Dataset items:

● ● ●

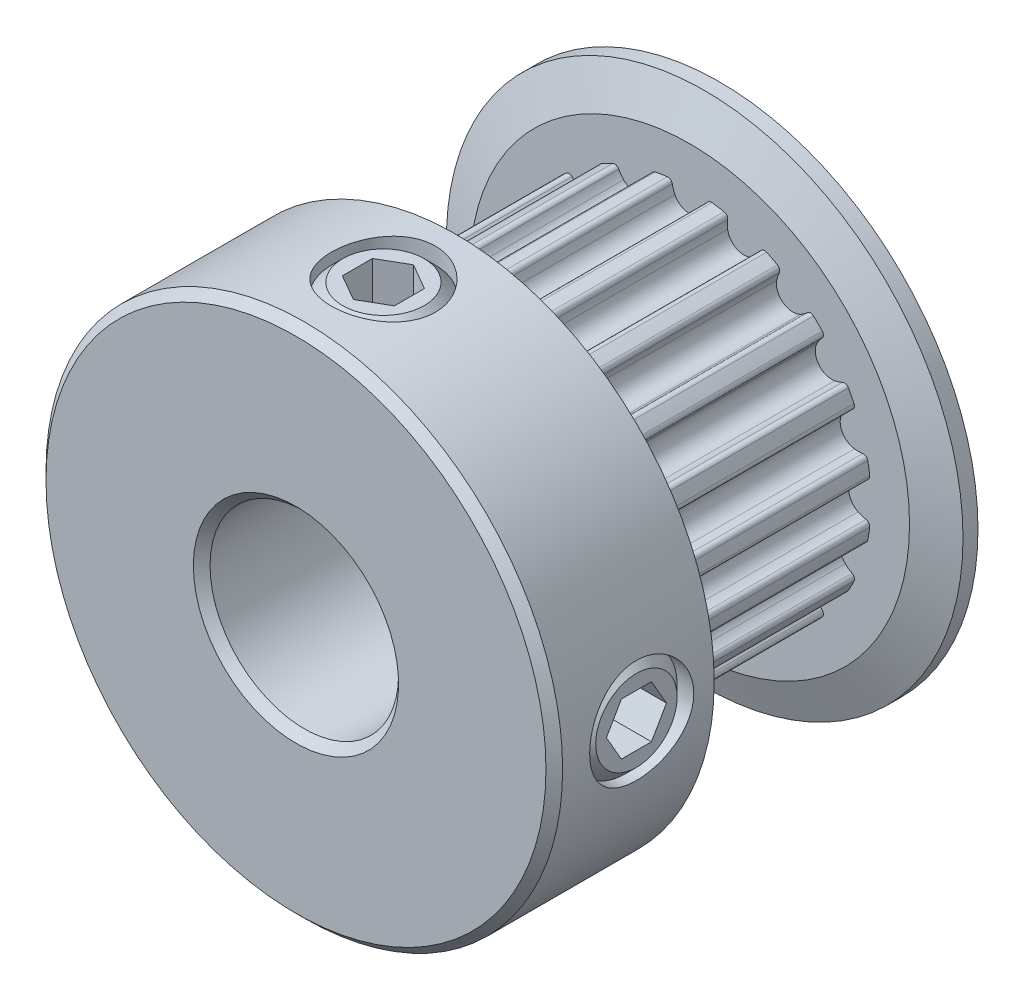
SolidWorks part; units mm, degrees
ref_plane "Front Plane" through (0, 0, 0) normal (0, 0, 1) x (1, 0, 0)
ref_plane "Top Plane" through (0, 0, 0) normal (0, 1, 0) x (1, 0, 0)
ref_plane "Right Plane" through (0, 0, 0) normal (1, 0, 0) x (0, 0, -1)
sketch "Sketch1" plane through (0, 0, 0) normal (0, 0, 1) x (1, 0, 0)
  line L1 (-1.7499, 5.3585) -> (1.7499, 5.3585) construction
  line L4 (0, 0) -> (0, 5.3585) construction
  line L5 (0, 5.3585) -> (0, 11.2107) construction
  line L6 (0, 6.3625) -> (1.9751, 6.0482) construction
  line L7 (1.9751, 6.0482) -> (2.6648, 5.8229) construction
  line L8 (1.9751, 6.0482) -> (1.7499, 5.3585) construction
  line L9 (-1.9751, 6.0482) -> (-1.7499, 5.3585) construction
  line L10 (-1.8963, 5.8067) -> (-2.841, 8.6995)
  line L11 (-2.841, 8.6995) -> (2.841, 8.6995)
  line L12 (2.841, 8.6995) -> (1.8963, 5.8067)
  circle A0 centre (0, 0) radius 6.3625 construction
  circle A1 centre (0, 0) radius 8.6995 construction
  circle A2 centre (0, 0) radius 6.1085 construction
  arc A3 (-0.4989, 5.6703) -> (0.4989, 5.6703) centre (0, 5.9135) ccw
  arc A4 (-0.4989, 5.6703) -> (-0.5855, 5.9387) centre (0.4, 6.1085) cw
  arc A5 (-1.8963, 5.8067) -> (-0.7518, 6.0621) centre (0, 0) cw
  arc A6 (-0.5855, 5.9387) -> (-0.7518, 6.0621) centre (-0.7333, 5.9132) ccw
  arc A7 (1.8963, 5.8067) -> (0.7518, 6.0621) centre (0, 0) ccw
  arc A8 (0.5855, 5.9387) -> (0.7518, 6.0621) centre (0.7333, 5.9132) cw
  arc A9 (0.4989, 5.6703) -> (0.5855, 5.9387) centre (-0.4, 6.1085) ccw
  point P6 (0, 20.9083)
  point P11 (0, 6.3625)
  point P13 (0, 8.6995)
  point P14 (0, 6.1085)
  dimension "D1" = 9.6976
  dimension "D2" = 4.8482
sketch "Sketch2" plane through (0, 0, 0) normal (1, 0, 0) x (0, 0, -1)
  line L0 (-7.135, 3.175) -> (7.135, 3.175)
  line L1 (-7.135, 3.175) -> (-7.135, 8.6995)
  line L2 (-1.75, 8.6995) -> (-7.135, 8.6995)
  line L3 (-2.255, 3.175) -> (-2.255, 8.6995) construction
  line L4 (-2.255, 8.6995) -> (-1.245, 8.6995) construction
  line L5 (-1.245, 8.6995) -> (-1.245, 6.1085) construction
  line L6 (-1.245, 6.1085) -> (6.125, 6.1085)
  line L7 (6.125, 6.1085) -> (6.125, 8.6995) construction
  line L8 (6.125, 8.6995) -> (7.135, 8.6995) construction
  line L9 (7.135, 8.6995) -> (7.135, 3.175)
  line L10 (-7.135, 0) -> (7.135, 0) construction
  line L11 (6.63, 8.6995) -> (6.125, 7.404)
  line L12 (-1.245, 7.404) -> (-1.75, 8.6995)
  line L14 (-1.245, 7.404) -> (-1.245, 6.1085)
  line L15 (6.125, 6.1085) -> (6.125, 7.404)
  line L16 (6.63, 8.6995) -> (7.135, 8.6995)
  arc A0 (-1.245, 7.404) -> (-1.75, 8.6995) centre (-3.1592, 7.404) ccw construction
  arc A1 (6.125, 7.404) -> (6.63, 8.6995) centre (8.0392, 7.404) cw construction
  point P12 (-1.245, 7.404)
  point P14 (-1.75, 8.6995)
  point P20 (6.125, 7.404)
  point P21 (6.63, 8.6995)
  point P25 (6.125, 0)
  point P26 (-1.245, 0)
  dimension "OA" = 14.27
  dimension "Bore" = 6.35
  dimension "Outside Width" = 8.38
  dimension "Inside Width" = 7.37
revolve "Revolve1" add sketch "Sketch2" angle 360 mid plane about L10
sketch "Sketch3" plane through (0, 0, 0) normal (0, 0, 1) x (1, 0, 0)
  line L6 (2.841, 8.6995) -> (-2.841, 8.6995)
  line L7 (1.8963, 5.8067) -> (2.841, 8.6995)
  line L8 (-2.841, 8.6995) -> (-1.8963, 5.8067)
  line L9 (2.841, 8.6995) -> (-2.841, 8.6995)
  line L10 (1.8963, 5.8067) -> (2.841, 8.6995)
  line L11 (-2.841, 8.6995) -> (-1.8963, 5.8067)
  arc A8 (1.8963, 5.8067) -> (0.7518, 6.0621) centre (0, 0) ccw
  arc A9 (0.7518, 6.0621) -> (0.5855, 5.9387) centre (0.7333, 5.9132) ccw
  arc A10 (0.4989, 5.6703) -> (0.5855, 5.9387) centre (-0.4, 6.1085) ccw
  arc A11 (-0.4989, 5.6703) -> (0.4989, 5.6703) centre (0, 5.9135) ccw
  arc A12 (-0.5855, 5.9387) -> (-0.4989, 5.6703) centre (0.4, 6.1085) ccw
  arc A13 (-0.5855, 5.9387) -> (-0.7518, 6.0621) centre (-0.7333, 5.9132) ccw
  arc A14 (-0.7518, 6.0621) -> (-1.8963, 5.8067) centre (0, 0) ccw
  arc A15 (1.8963, 5.8067) -> (0.7518, 6.0621) centre (0, 0) ccw
  arc A16 (0.7518, 6.0621) -> (0.5855, 5.9387) centre (0.7333, 5.9132) ccw
  arc A17 (0.4989, 5.6703) -> (0.5855, 5.9387) centre (-0.4, 6.1085) ccw
  arc A18 (-0.4989, 5.6703) -> (0.4989, 5.6703) centre (0, 5.9135) ccw
  arc A19 (-0.5855, 5.9387) -> (-0.4989, 5.6703) centre (0.4, 6.1085) ccw
  arc A20 (-0.5855, 5.9387) -> (-0.7518, 6.0621) centre (-0.7333, 5.9132) ccw
  arc A21 (-0.7518, 6.0621) -> (-1.8963, 5.8067) centre (0, 0) ccw
  dimension "D1" = 0
extrude "Cut-Extrude1" cut sketch "Sketch3" against normal up to vertex (6.125 mm away) from vertex up to point (0, 6.1085, -6.125) starting at point (0, 6.1085, 1.245)
pattern_circular "CirPattern1" count 20 over 360 about axis through (0, 0, 7.135) along (0, 0, 1) of "Cut-Extrude1"
sketch "Sketch4" plane through (0, 0, 0) normal (1, 0, 0) x (0, -1, 0)
  line L0 (0, -1.245) -> (0, -7.135) construction
  line L1 (-3.175, -7.135) -> (3.175, -7.135) construction
  line L2 (7.404, -1.245) -> (-7.404, -1.245) construction
  circle A0 centre (0, -4.19) radius 1.7526
extrude "Cut-Extrude2" cut sketch "Sketch4" along normal through all
ref_plane "Plane1" through (0, 0, 4.19) normal (0, 0, 1) x (1, 0, 0)
sketch "Sketch5" plane through (0, 0, 4.19) normal (0, 0, 1) x (1, 0, 0)
  line L0 (0, 0) -> (0, 8.6995) construction
  line L1 (3.175, -1.3716) -> (3.175, 0)
  line L2 (3.556, -1.7526) -> (8.1401, -1.7526)
  line L3 (3.175, 0) -> (8.6995, 0) construction
  line L4 (3.175, 0) -> (8.5211, 0)
  line L5 (8.5211, 0) -> (8.5211, -1.3716)
  line L6 (3.556, -1.7526) -> (3.175, -1.3716)
  line L7 (8.5211, -1.3716) -> (8.1401, -1.7526)
  circle A0 centre (0, 0) radius 8.6995 construction
  circle A1 centre (0, 0) radius 3.175 construction
  point P2 (3.175, -1.7526)
  point P11 (8.5211, -1.7526)
revolve "Revolve2" add sketch "Sketch5" angle 360 mid plane about L4
sketch "Sketch6" plane through (8.5211, 5.3841, 0) normal (-1, 0, 0) x (0, -1, 0)
  line L1 (5.3841, 5.2019) -> (4.5078, 4.6959)
  line L2 (4.5078, 4.6959) -> (4.5078, 3.6841)
  line L3 (4.5078, 3.6841) -> (5.3841, 3.1781)
  line L4 (5.3841, 3.1781) -> (6.2604, 3.6841)
  line L5 (6.2604, 3.6841) -> (6.2604, 4.6959)
  line L6 (6.2604, 4.6959) -> (5.3841, 5.2019)
  circle A0 centre (5.3841, 4.19) radius 0.8763 construction
  dimension "D1" = 1.7526
extrude "Cut-Extrude3" cut sketch "Sketch6" along normal blind 1.3144
pattern_circular "CirPattern3" count 2 over 90 about axis through (0, 0, 7.135) along (0, 0, 1) of "Cut-Extrude2", "Revolve2", "Cut-Extrude3"
chamfer "Chamfer1" distance 0.2807 angle 45 2 edges at (3.175, 0, 7.135) (8.6995, 0, 7.135)
ref_axis "Center Axis 1" through (0, 0, -7.135) along (0, 0, 1)
ref_plane "Contact Plane 1" through (0, 0, 7.135) normal (0, 0, 1) x (1, 0, 0)
ref_plane "Contact Plane 2" through (0, 0, -7.135) normal (0, 0, -1) x (-1, 0, 0)
equation "\"D2@Sketch1\"= \"D1@Sketch1\" / 2"
equation "\"D1@Sketch6\" = \"Set Screw@Sketch4\" / 2"
equation "\"D1@Cut-Extrude3\" = \"D1@Sketch6\"*.75"

● ● ●

◆ **Work item**
All lines with the string "dimension" must be copied from the data.

◆ **Result of the exercise**
  dimension "D1" = 9.6976
  dimension "D2" = 4.8482
  dimension "OA" = 14.27
  dimension "Bore" = 6.35
  dimension "Outside Width" = 8.38
  dimension "Inside Width" = 7.37
  dimension "D1" = 0
  dimension "D1" = 1.7526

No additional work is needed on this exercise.